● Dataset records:
=== Section Start ===
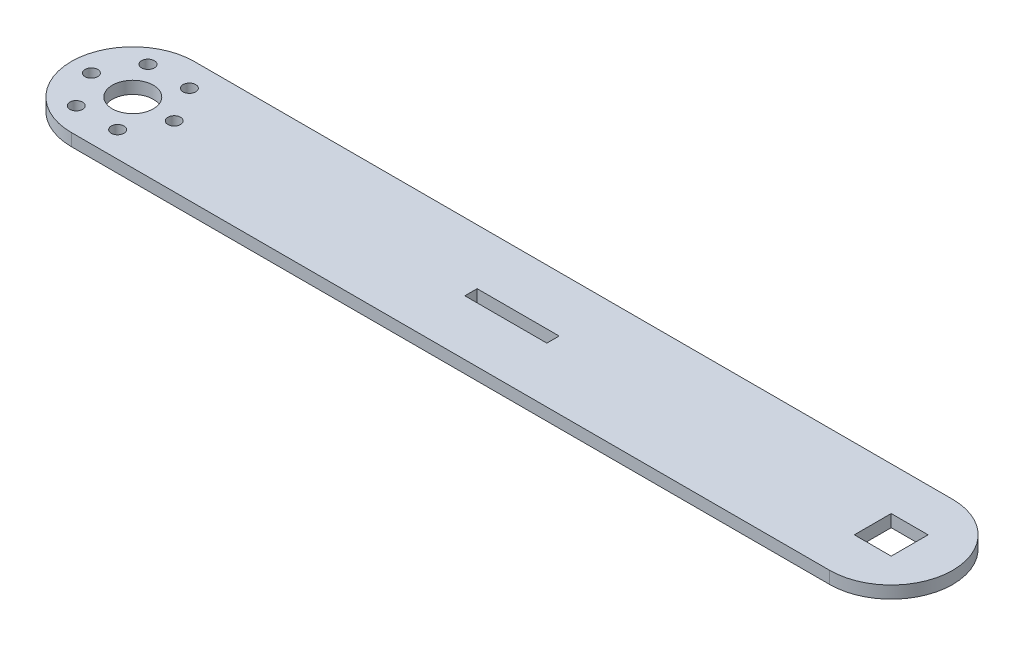
ISO-10303-21;
HEADER;
FILE_DESCRIPTION(('STEP AP214'),'2;1');
FILE_NAME('part.step','',(''),(''),'','','');
FILE_SCHEMA(('AUTOMOTIVE_DESIGN { 1 0 10303 214 1 1 1 1 }'));
ENDSEC;
DATA;
#1=APPLICATION_CONTEXT('core data for automotive mechanical design processes');
#2=APPLICATION_PROTOCOL_DEFINITION('international standard','automotive_design',2000,#1);
#3=PRODUCT_CONTEXT('',#1,'mechanical');
#4=PRODUCT('Part','Part','',(#3));
#5=PRODUCT_RELATED_PRODUCT_CATEGORY('part','',(#4));
#6=PRODUCT_DEFINITION_FORMATION('','',#4);
#7=PRODUCT_DEFINITION_CONTEXT('part definition',#1,'design');
#8=PRODUCT_DEFINITION('design','',#6,#7);
#9=PRODUCT_DEFINITION_SHAPE('','',#8);
#10=(LENGTH_UNIT() NAMED_UNIT(*) SI_UNIT(.MILLI.,.METRE.));
#11=(NAMED_UNIT(*) PLANE_ANGLE_UNIT() SI_UNIT($,.RADIAN.));
#12=(NAMED_UNIT(*) SI_UNIT($,.STERADIAN.) SOLID_ANGLE_UNIT());
#13=UNCERTAINTY_MEASURE_WITH_UNIT(LENGTH_MEASURE(1.E-05),#10,'distance_accuracy_value','');
#14=(GEOMETRIC_REPRESENTATION_CONTEXT(3) GLOBAL_UNCERTAINTY_ASSIGNED_CONTEXT((#13)) GLOBAL_UNIT_ASSIGNED_CONTEXT((#10,
#11,#12)) REPRESENTATION_CONTEXT('',''));
#15=CARTESIAN_POINT('',(0.,0.,0.));
#16=DIRECTION('',(0.,0.,1.));
#17=DIRECTION('',(1.,0.,0.));
#18=AXIS2_PLACEMENT_3D('',#15,#16,#17);
#19=CARTESIAN_POINT('',(0.,1.5,15.));
#20=DIRECTION('',(0.,0.,-1.));
#21=DIRECTION('',(-1.,0.,0.));
#22=AXIS2_PLACEMENT_3D('',#19,#20,#21);
#23=PLANE('',#22);
#24=DIRECTION('',(1.,0.,0.));
#25=VECTOR('',#24,1.);
#26=CARTESIAN_POINT('',(0.,-1.5,15.));
#27=LINE('',#26,#25);
#28=CARTESIAN_POINT('',(0.,-1.5,15.));
#29=VERTEX_POINT('',#28);
#30=CARTESIAN_POINT('',(185.,-1.5,15.));
#31=VERTEX_POINT('',#30);
#32=EDGE_CURVE('E207',#29,#31,#27,.T.);
#33=ORIENTED_EDGE('',*,*,#32,.T.);
#34=DIRECTION('',(0.,-1.,0.));
#35=VECTOR('',#34,1.);
#36=CARTESIAN_POINT('',(185.,1.5,15.));
#37=LINE('',#36,#35);
#38=CARTESIAN_POINT('',(185.,1.5,15.));
#39=VERTEX_POINT('',#38);
#40=EDGE_CURVE('E11',#39,#31,#37,.T.);
#41=ORIENTED_EDGE('',*,*,#40,.F.);
#42=DIRECTION('',(1.,0.,0.));
#43=VECTOR('',#42,1.);
#44=CARTESIAN_POINT('',(0.,1.5,15.));
#45=LINE('',#44,#43);
#46=CARTESIAN_POINT('',(0.,1.5,15.));
#47=VERTEX_POINT('',#46);
#48=EDGE_CURVE('E145',#47,#39,#45,.T.);
#49=ORIENTED_EDGE('',*,*,#48,.F.);
#50=DIRECTION('',(0.,-1.,0.));
#51=VECTOR('',#50,1.);
#52=CARTESIAN_POINT('',(0.,1.5,15.));
#53=LINE('',#52,#51);
#54=EDGE_CURVE('E60',#47,#29,#53,.T.);
#55=ORIENTED_EDGE('',*,*,#54,.T.);
#56=EDGE_LOOP('',(#33,#41,#49,#55));
#57=FACE_BOUND('',#56,.T.);
#58=ADVANCED_FACE('F41',(#57),#23,.F.);
#59=CARTESIAN_POINT('',(185.,1.5,0.));
#60=DIRECTION('',(0.,-1.,0.));
#61=DIRECTION('',(0.,0.,-1.));
#62=AXIS2_PLACEMENT_3D('',#59,#60,#61);
#63=CYLINDRICAL_SURFACE('',#62,15.);
#64=CARTESIAN_POINT('',(185.,-1.5,0.));
#65=DIRECTION('',(0.,1.,0.));
#66=DIRECTION('',(0.,0.,1.));
#67=AXIS2_PLACEMENT_3D('',#64,#65,#66);
#68=CIRCLE('',#67,15.);
#69=CARTESIAN_POINT('',(185.,-1.5,-15.));
#70=VERTEX_POINT('',#69);
#71=EDGE_CURVE('E151',#31,#70,#68,.T.);
#72=ORIENTED_EDGE('',*,*,#71,.T.);
#73=DIRECTION('',(0.,-1.,0.));
#74=VECTOR('',#73,1.);
#75=CARTESIAN_POINT('',(185.,1.5,-15.));
#76=LINE('',#75,#74);
#77=CARTESIAN_POINT('',(185.,1.5,-15.));
#78=VERTEX_POINT('',#77);
#79=EDGE_CURVE('E51',#78,#70,#76,.T.);
#80=ORIENTED_EDGE('',*,*,#79,.F.);
#81=CARTESIAN_POINT('',(185.,1.5,0.));
#82=DIRECTION('',(0.,1.,0.));
#83=DIRECTION('',(0.,0.,1.));
#84=AXIS2_PLACEMENT_3D('',#81,#82,#83);
#85=CIRCLE('',#84,15.);
#86=EDGE_CURVE('E139',#39,#78,#85,.T.);
#87=ORIENTED_EDGE('',*,*,#86,.F.);
#88=ORIENTED_EDGE('',*,*,#40,.T.);
#89=EDGE_LOOP('',(#72,#80,#87,#88));
#90=FACE_BOUND('',#89,.T.);
#91=ADVANCED_FACE('F150',(#90),#63,.T.);
#92=CARTESIAN_POINT('',(0.,1.5,-15.));
#93=DIRECTION('',(0.,0.,-1.));
#94=DIRECTION('',(-1.,0.,0.));
#95=AXIS2_PLACEMENT_3D('',#92,#93,#94);
#96=PLANE('',#95);
#97=DIRECTION('',(1.,0.,0.));
#98=VECTOR('',#97,1.);
#99=CARTESIAN_POINT('',(0.,-1.5,-15.));
#100=LINE('',#99,#98);
#101=CARTESIAN_POINT('',(0.,-1.5,-15.));
#102=VERTEX_POINT('',#101);
#103=EDGE_CURVE('E210',#102,#70,#100,.T.);
#104=ORIENTED_EDGE('',*,*,#103,.F.);
#105=DIRECTION('',(0.,-1.,0.));
#106=VECTOR('',#105,1.);
#107=CARTESIAN_POINT('',(0.,1.5,-15.));
#108=LINE('',#107,#106);
#109=CARTESIAN_POINT('',(0.,1.5,-15.));
#110=VERTEX_POINT('',#109);
#111=EDGE_CURVE('E98',#110,#102,#108,.T.);
#112=ORIENTED_EDGE('',*,*,#111,.F.);
#113=DIRECTION('',(1.,0.,0.));
#114=VECTOR('',#113,1.);
#115=CARTESIAN_POINT('',(0.,1.5,-15.));
#116=LINE('',#115,#114);
#117=EDGE_CURVE('E144',#110,#78,#116,.T.);
#118=ORIENTED_EDGE('',*,*,#117,.T.);
#119=ORIENTED_EDGE('',*,*,#79,.T.);
#120=EDGE_LOOP('',(#104,#112,#118,#119));
#121=FACE_BOUND('',#120,.T.);
#122=ADVANCED_FACE('F155',(#121),#96,.T.);
#123=CARTESIAN_POINT('',(102.5,1.5,0.));
#124=DIRECTION('',(-1.,0.,0.));
#125=DIRECTION('',(0.,0.,1.));
#126=AXIS2_PLACEMENT_3D('',#123,#124,#125);
#127=PLANE('',#126);
#128=DIRECTION('',(0.,0.,-1.));
#129=VECTOR('',#128,1.);
#130=CARTESIAN_POINT('',(102.5,-1.5,0.));
#131=LINE('',#130,#129);
#132=CARTESIAN_POINT('',(102.5,-1.5,1.5));
#133=VERTEX_POINT('',#132);
#134=CARTESIAN_POINT('',(102.5,-1.5,-1.5));
#135=VERTEX_POINT('',#134);
#136=EDGE_CURVE('E195',#133,#135,#131,.T.);
#137=ORIENTED_EDGE('',*,*,#136,.F.);
#138=DIRECTION('',(0.,-1.,0.));
#139=VECTOR('',#138,1.);
#140=CARTESIAN_POINT('',(102.5,1.5,1.5));
#141=LINE('',#140,#139);
#142=CARTESIAN_POINT('',(102.5,1.5,1.5));
#143=VERTEX_POINT('',#142);
#144=EDGE_CURVE('E217',#143,#133,#141,.T.);
#145=ORIENTED_EDGE('',*,*,#144,.F.);
#146=DIRECTION('',(0.,0.,-1.));
#147=VECTOR('',#146,1.);
#148=CARTESIAN_POINT('',(102.5,1.5,0.));
#149=LINE('',#148,#147);
#150=CARTESIAN_POINT('',(102.5,1.5,-1.5));
#151=VERTEX_POINT('',#150);
#152=EDGE_CURVE('E487',#143,#151,#149,.T.);
#153=ORIENTED_EDGE('',*,*,#152,.T.);
#154=DIRECTION('',(0.,-1.,0.));
#155=VECTOR('',#154,1.);
#156=CARTESIAN_POINT('',(102.5,1.5,-1.5));
#157=LINE('',#156,#155);
#158=EDGE_CURVE('E219',#151,#135,#157,.T.);
#159=ORIENTED_EDGE('',*,*,#158,.T.);
#160=EDGE_LOOP('',(#137,#145,#153,#159));
#161=FACE_BOUND('',#160,.T.);
#162=ADVANCED_FACE('F276',(#161),#127,.T.);
#163=CARTESIAN_POINT('',(0.,1.5,1.5));
#164=DIRECTION('',(0.,0.,-1.));
#165=DIRECTION('',(-1.,0.,0.));
#166=AXIS2_PLACEMENT_3D('',#163,#164,#165);
#167=PLANE('',#166);
#168=DIRECTION('',(1.,0.,0.));
#169=VECTOR('',#168,1.);
#170=CARTESIAN_POINT('',(0.,-1.5,1.5));
#171=LINE('',#170,#169);
#172=CARTESIAN_POINT('',(82.5,-1.5,1.5));
#173=VERTEX_POINT('',#172);
#174=EDGE_CURVE('E198',#173,#133,#171,.T.);
#175=ORIENTED_EDGE('',*,*,#174,.F.);
#176=DIRECTION('',(0.,-1.,0.));
#177=VECTOR('',#176,1.);
#178=CARTESIAN_POINT('',(82.5,1.5,1.5));
#179=LINE('',#178,#177);
#180=CARTESIAN_POINT('',(82.5,1.5,1.5));
#181=VERTEX_POINT('',#180);
#182=EDGE_CURVE('E224',#181,#173,#179,.T.);
#183=ORIENTED_EDGE('',*,*,#182,.F.);
#184=DIRECTION('',(1.,0.,0.));
#185=VECTOR('',#184,1.);
#186=CARTESIAN_POINT('',(0.,1.5,1.5));
#187=LINE('',#186,#185);
#188=EDGE_CURVE('E484',#181,#143,#187,.T.);
#189=ORIENTED_EDGE('',*,*,#188,.T.);
#190=ORIENTED_EDGE('',*,*,#144,.T.);
#191=EDGE_LOOP('',(#175,#183,#189,#190));
#192=FACE_BOUND('',#191,.T.);
#193=ADVANCED_FACE('F272',(#192),#167,.T.);
#194=CARTESIAN_POINT('',(82.5,1.5,0.));
#195=DIRECTION('',(-1.,0.,0.));
#196=DIRECTION('',(0.,0.,1.));
#197=AXIS2_PLACEMENT_3D('',#194,#195,#196);
#198=PLANE('',#197);
#199=DIRECTION('',(0.,0.,-1.));
#200=VECTOR('',#199,1.);
#201=CARTESIAN_POINT('',(82.5,-1.5,0.));
#202=LINE('',#201,#200);
#203=CARTESIAN_POINT('',(82.5,-1.5,-1.5));
#204=VERTEX_POINT('',#203);
#205=EDGE_CURVE('E201',#173,#204,#202,.T.);
#206=ORIENTED_EDGE('',*,*,#205,.T.);
#207=DIRECTION('',(0.,-1.,0.));
#208=VECTOR('',#207,1.);
#209=CARTESIAN_POINT('',(82.5,1.5,-1.5));
#210=LINE('',#209,#208);
#211=CARTESIAN_POINT('',(82.5,1.5,-1.5));
#212=VERTEX_POINT('',#211);
#213=EDGE_CURVE('E221',#212,#204,#210,.T.);
#214=ORIENTED_EDGE('',*,*,#213,.F.);
#215=DIRECTION('',(0.,0.,-1.));
#216=VECTOR('',#215,1.);
#217=CARTESIAN_POINT('',(82.5,1.5,0.));
#218=LINE('',#217,#216);
#219=EDGE_CURVE('E479',#181,#212,#218,.T.);
#220=ORIENTED_EDGE('',*,*,#219,.F.);
#221=ORIENTED_EDGE('',*,*,#182,.T.);
#222=EDGE_LOOP('',(#206,#214,#220,#221));
#223=FACE_BOUND('',#222,.T.);
#224=ADVANCED_FACE('F269',(#223),#198,.F.);
#225=CARTESIAN_POINT('',(0.,1.5,4.50000000000004));
#226=DIRECTION('',(0.,0.,1.));
#227=DIRECTION('',(1.,0.,0.));
#228=AXIS2_PLACEMENT_3D('',#225,#226,#227);
#229=PLANE('',#228);
#230=DIRECTION('',(-1.,0.,0.));
#231=VECTOR('',#230,1.);
#232=CARTESIAN_POINT('',(0.,-1.5,4.50000000000004));
#233=LINE('',#232,#231);
#234=CARTESIAN_POINT('',(189.5,-1.5,4.5));
#235=VERTEX_POINT('',#234);
#236=CARTESIAN_POINT('',(180.5,-1.5,4.5));
#237=VERTEX_POINT('',#236);
#238=EDGE_CURVE('E183',#235,#237,#233,.T.);
#239=ORIENTED_EDGE('',*,*,#238,.T.);
#240=DIRECTION('',(0.,-1.,0.));
#241=VECTOR('',#240,1.);
#242=CARTESIAN_POINT('',(180.5,1.5,4.5));
#243=LINE('',#242,#241);
#244=CARTESIAN_POINT('',(180.5,1.5,4.5));
#245=VERTEX_POINT('',#244);
#246=EDGE_CURVE('E45',#245,#237,#243,.T.);
#247=ORIENTED_EDGE('',*,*,#246,.F.);
#248=DIRECTION('',(-1.,0.,0.));
#249=VECTOR('',#248,1.);
#250=CARTESIAN_POINT('',(0.,1.5,4.50000000000004));
#251=LINE('',#250,#249);
#252=CARTESIAN_POINT('',(189.5,1.5,4.5));
#253=VERTEX_POINT('',#252);
#254=EDGE_CURVE('E494',#253,#245,#251,.T.);
#255=ORIENTED_EDGE('',*,*,#254,.F.);
#256=DIRECTION('',(0.,-1.,0.));
#257=VECTOR('',#256,1.);
#258=CARTESIAN_POINT('',(189.5,1.5,4.5));
#259=LINE('',#258,#257);
#260=EDGE_CURVE('E158',#253,#235,#259,.T.);
#261=ORIENTED_EDGE('',*,*,#260,.T.);
#262=EDGE_LOOP('',(#239,#247,#255,#261));
#263=FACE_BOUND('',#262,.T.);
#264=ADVANCED_FACE('F238',(#263),#229,.F.);
#265=CARTESIAN_POINT('',(180.5,1.5,0.));
#266=DIRECTION('',(-1.,0.,0.));
#267=DIRECTION('',(0.,0.,1.));
#268=AXIS2_PLACEMENT_3D('',#265,#266,#267);
#269=PLANE('',#268);
#270=DIRECTION('',(0.,0.,-1.));
#271=VECTOR('',#270,1.);
#272=CARTESIAN_POINT('',(180.5,-1.5,0.));
#273=LINE('',#272,#271);
#274=CARTESIAN_POINT('',(180.5,-1.5,-4.5));
#275=VERTEX_POINT('',#274);
#276=EDGE_CURVE('E186',#237,#275,#273,.T.);
#277=ORIENTED_EDGE('',*,*,#276,.T.);
#278=DIRECTION('',(0.,-1.,0.));
#279=VECTOR('',#278,1.);
#280=CARTESIAN_POINT('',(180.5,1.5,-4.5));
#281=LINE('',#280,#279);
#282=CARTESIAN_POINT('',(180.5,1.5,-4.5));
#283=VERTEX_POINT('',#282);
#284=EDGE_CURVE('E229',#283,#275,#281,.T.);
#285=ORIENTED_EDGE('',*,*,#284,.F.);
#286=DIRECTION('',(0.,0.,-1.));
#287=VECTOR('',#286,1.);
#288=CARTESIAN_POINT('',(180.5,1.5,0.));
#289=LINE('',#288,#287);
#290=EDGE_CURVE('E111',#245,#283,#289,.T.);
#291=ORIENTED_EDGE('',*,*,#290,.F.);
#292=ORIENTED_EDGE('',*,*,#246,.T.);
#293=EDGE_LOOP('',(#277,#285,#291,#292));
#294=FACE_BOUND('',#293,.T.);
#295=ADVANCED_FACE('F234',(#294),#269,.F.);
#296=CARTESIAN_POINT('',(0.,1.5,-4.49999999999996));
#297=DIRECTION('',(0.,0.,1.));
#298=DIRECTION('',(1.,0.,0.));
#299=AXIS2_PLACEMENT_3D('',#296,#297,#298);
#300=PLANE('',#299);
#301=DIRECTION('',(-1.,0.,0.));
#302=VECTOR('',#301,1.);
#303=CARTESIAN_POINT('',(0.,-1.5,-4.49999999999996));
#304=LINE('',#303,#302);
#305=CARTESIAN_POINT('',(189.5,-1.5,-4.5));
#306=VERTEX_POINT('',#305);
#307=EDGE_CURVE('E189',#306,#275,#304,.T.);
#308=ORIENTED_EDGE('',*,*,#307,.F.);
#309=DIRECTION('',(0.,-1.,0.));
#310=VECTOR('',#309,1.);
#311=CARTESIAN_POINT('',(189.5,1.5,-4.5));
#312=LINE('',#311,#310);
#313=CARTESIAN_POINT('',(189.5,1.5,-4.5));
#314=VERTEX_POINT('',#313);
#315=EDGE_CURVE('E228',#314,#306,#312,.T.);
#316=ORIENTED_EDGE('',*,*,#315,.F.);
#317=DIRECTION('',(-1.,0.,0.));
#318=VECTOR('',#317,1.);
#319=CARTESIAN_POINT('',(0.,1.5,-4.49999999999996));
#320=LINE('',#319,#318);
#321=EDGE_CURVE('E491',#314,#283,#320,.T.);
#322=ORIENTED_EDGE('',*,*,#321,.T.);
#323=ORIENTED_EDGE('',*,*,#284,.T.);
#324=EDGE_LOOP('',(#308,#316,#322,#323));
#325=FACE_BOUND('',#324,.T.);
#326=ADVANCED_FACE('F249',(#325),#300,.T.);
#327=CARTESIAN_POINT('',(0.,1.5,-1.5));
#328=DIRECTION('',(0.,0.,-1.));
#329=DIRECTION('',(-1.,0.,0.));
#330=AXIS2_PLACEMENT_3D('',#327,#328,#329);
#331=PLANE('',#330);
#332=DIRECTION('',(1.,0.,0.));
#333=VECTOR('',#332,1.);
#334=CARTESIAN_POINT('',(0.,-1.5,-1.5));
#335=LINE('',#334,#333);
#336=EDGE_CURVE('E204',#204,#135,#335,.T.);
#337=ORIENTED_EDGE('',*,*,#336,.T.);
#338=ORIENTED_EDGE('',*,*,#158,.F.);
#339=DIRECTION('',(1.,0.,0.));
#340=VECTOR('',#339,1.);
#341=CARTESIAN_POINT('',(0.,1.5,-1.5));
#342=LINE('',#341,#340);
#343=EDGE_CURVE('E478',#212,#151,#342,.T.);
#344=ORIENTED_EDGE('',*,*,#343,.F.);
#345=ORIENTED_EDGE('',*,*,#213,.T.);
#346=EDGE_LOOP('',(#337,#338,#344,#345));
#347=FACE_BOUND('',#346,.T.);
#348=ADVANCED_FACE('F251',(#347),#331,.F.);
#349=CARTESIAN_POINT('',(189.5,1.5,0.));
#350=DIRECTION('',(-1.,0.,0.));
#351=DIRECTION('',(0.,0.,1.));
#352=AXIS2_PLACEMENT_3D('',#349,#350,#351);
#353=PLANE('',#352);
#354=DIRECTION('',(0.,0.,-1.));
#355=VECTOR('',#354,1.);
#356=CARTESIAN_POINT('',(189.5,-1.5,0.));
#357=LINE('',#356,#355);
#358=EDGE_CURVE('E192',#235,#306,#357,.T.);
#359=ORIENTED_EDGE('',*,*,#358,.F.);
#360=ORIENTED_EDGE('',*,*,#260,.F.);
#361=DIRECTION('',(0.,0.,-1.));
#362=VECTOR('',#361,1.);
#363=CARTESIAN_POINT('',(189.5,1.5,0.));
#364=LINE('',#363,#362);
=== Section End ===
● What the task requires:
Among the entries above, the line containing "#260=EDGE_CURVE('E158',#253,#235,#259,.T.);", the line containing "#273=LINE('',#272,#271);", and all lines between them are to be restated word for word; nothing else belongs in the reply.

● Answer to this problem:
#260=EDGE_CURVE('E158',#253,#235,#259,.T.);
#261=ORIENTED_EDGE('',*,*,#260,.T.);
#262=EDGE_LOOP('',(#239,#247,#255,#261));
#263=FACE_BOUND('',#262,.T.);
#264=ADVANCED_FACE('F238',(#263),#229,.F.);
#265=CARTESIAN_POINT('',(180.5,1.5,0.));
#266=DIRECTION('',(-1.,0.,0.));
#267=DIRECTION('',(0.,0.,1.));
#268=AXIS2_PLACEMENT_3D('',#265,#266,#267);
#269=PLANE('',#268);
#270=DIRECTION('',(0.,0.,-1.));
#271=VECTOR('',#270,1.);
#272=CARTESIAN_POINT('',(180.5,-1.5,0.));
#273=LINE('',#272,#271);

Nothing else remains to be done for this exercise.